Он задыхался от смеха. Я пожал плечами, не понимая его:

— Простите, Дробовский, но у вас у самого лихорадка. Какой вздор! Что вы говорите! «Дон-Жуан»… Нелепость какая, Господи…

— Да… Да… Она, как Дон-Жуан, все ищет лицо человеческое… Ищет и не находит… Она бродит по свету, как сомнамбула: как будто бы суждено ей искать, искать, искать — вечно искать…

— Ах, какой романтизм, Дробовский!

— Нет, это все правда… И не надо смеяться: в Дон-Жуане есть всегда что-то опасное и тревожное… И она, как ДонЖуан, всегда мечтает о том, чего нет.

— Все это сложно и как-то запутанно, Дробовский. У меня голова начинает болеть.

— Простите меня, — почти вскрикнул Дробовский, крепко сжав мне руку. — Прощайте. Я, кажется, наговорил лишнее.

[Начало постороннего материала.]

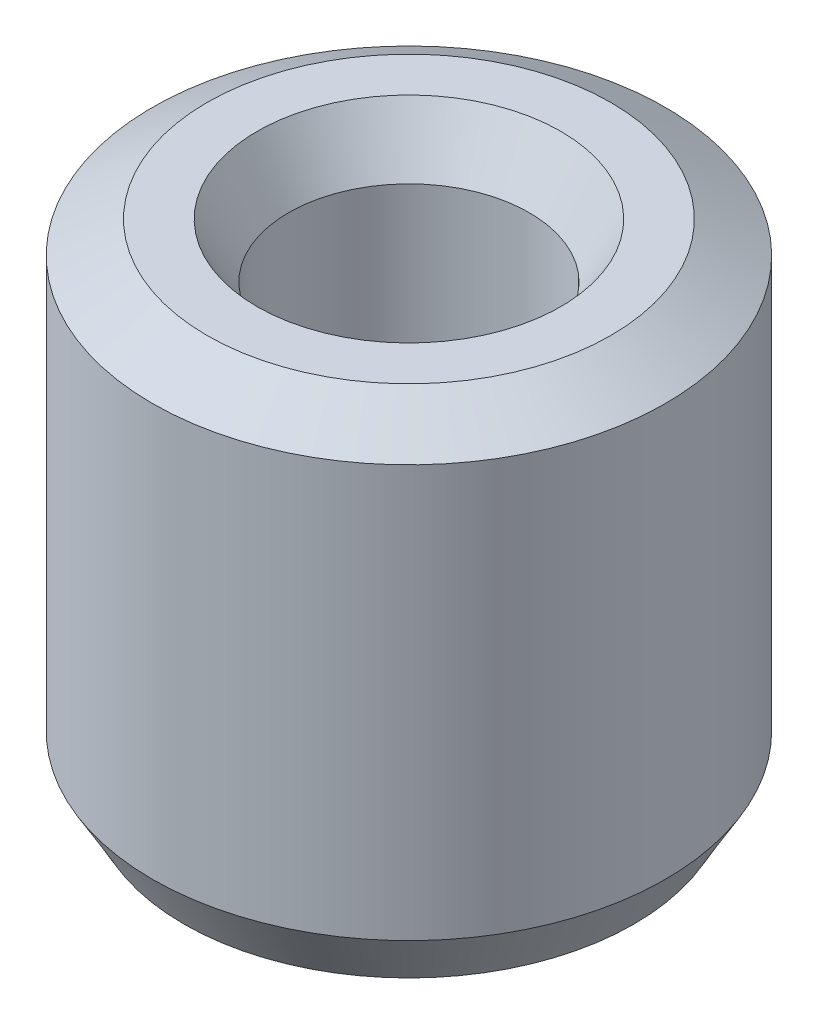
SolidWorks part; units mm, degrees
ref_plane "Front Plane" through (0, 0, 0) normal (0, 0, 1) x (1, 0, 0)
ref_plane "Top Plane" through (0, 0, 0) normal (0, 1, 0) x (1, 0, 0)
ref_plane "Right Plane" through (0, 0, 0) normal (1, 0, 0) x (0, 0, -1)
sketch "Sketch1" plane through (0, 0, 0) normal (0, 1, 0) x (1, 0, 0)
  circle A0 centre (0, 0) radius 30
  dimension "SLEEVE_OD" = 60
extrude "Boss-Extrude1" add sketch "Sketch1" along normal blind 58.2773
sketch "Sketch2" plane through (0, 0, 0) normal (0, 1, 0) x (1, 0, 0)
  circle A0 centre (0, 0) radius 14.0733
  dimension "BORE_D" = 28.1467
extrude "Cut-Extrude1" cut sketch "Sketch2" along normal through all
chamfer "Chamfer1" distance 3.6897 angle 60 4 edges at (0, 58.2773, 14.0733) (0, 0, 14.0733) (0, 0, 30) (0, 58.2773, 30) first distance on face at (0, 58.2773, 14.0733) first distance on face at (0, 0, 14.0733) first distance on face at (0, 58.2773, 30)
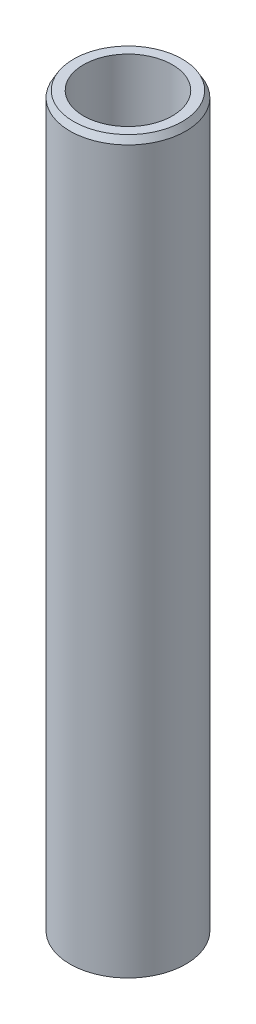
SolidWorks part; units mm, degrees
ref_plane "Front Plane" through (0, 0, 0) normal (0, 0, 1) x (1, 0, 0)
ref_plane "Top Plane" through (0, 0, 0) normal (0, 1, 0) x (1, 0, 0)
ref_plane "Right Plane" through (0, 0, 0) normal (1, 0, 0) x (0, 0, -1)
sketch "Sketch1" plane through (0, 0, 0) normal (0, 1, 0) x (1, 0, 0)
  circle A0 centre (0, 0) radius 45
  dimension "SHAFT_OD" = 90
extrude "Boss-Extrude1" add sketch "Sketch1" along normal blind 568.0669
sketch "Sketch2" plane through (0, 0, 0) normal (0, 1, 0) x (1, 0, 0)
  circle A0 centre (0, 0) radius 34.4983
  dimension "BORE_D" = 68.9966
extrude "Cut-Extrude1" cut sketch "Sketch2" along normal through all
chamfer "Chamfer1" distance 4.9492 angle 30 2 edges at (0, 568.0669, 45) (0, 0, 45) first distance on face at (0, 568.0669, 45) first distance on face at (0, 0, 34.4983)

Дрожащей рукой он надел шляпу и торопливо вышел.

Я сидел на краю высокого крутого берега и писал этюд моря. Мне посчастливилось найти такой зеленый тон, о каком я давно мечтал… Когда я удачно работаю, сердце у меня сильно бьется, как от вина, и в ногах у меня бывает такое ощущение, как будто я их погружаю в теплую воду.

Я улыбался, насвистывал марш из «Кармен» и думать забыл о зеленоглазой незнакомке и ее любовнике.

Неожиданно меня кто-то назвал по имени. Я обернулся. Это была Кетевани Георгиевна.

— Я помешала вам? — спросила она робко и застенчиво.

— Нет, нет, — пробормотал я, тайно огорчаясь, что уже нельзя будет дописать этюд.

Кетевани Георгиевна села на траву и обхватила колени руками.

Я взглянул на нее, и во мне снова возникло то острое, беспокойное и сладостное чувство, какое я испытал, когда в первый раз увидел ее серо-зеленые глаза. Я положил кисть и палитру и сел рядом с нею.

— Кетевани Георгиевна! — сказал я, беря ее за руку. — Вы необыкновенная! Вы странная… Простите, что я так прямо и так нескладно говорю, но я не могу иначе. Я хочу сказать… Я хочу сказать… Ах, это так трудно выразить… Вы как-то влияете на меня… Я кажусь вам смешным и наивным? Да?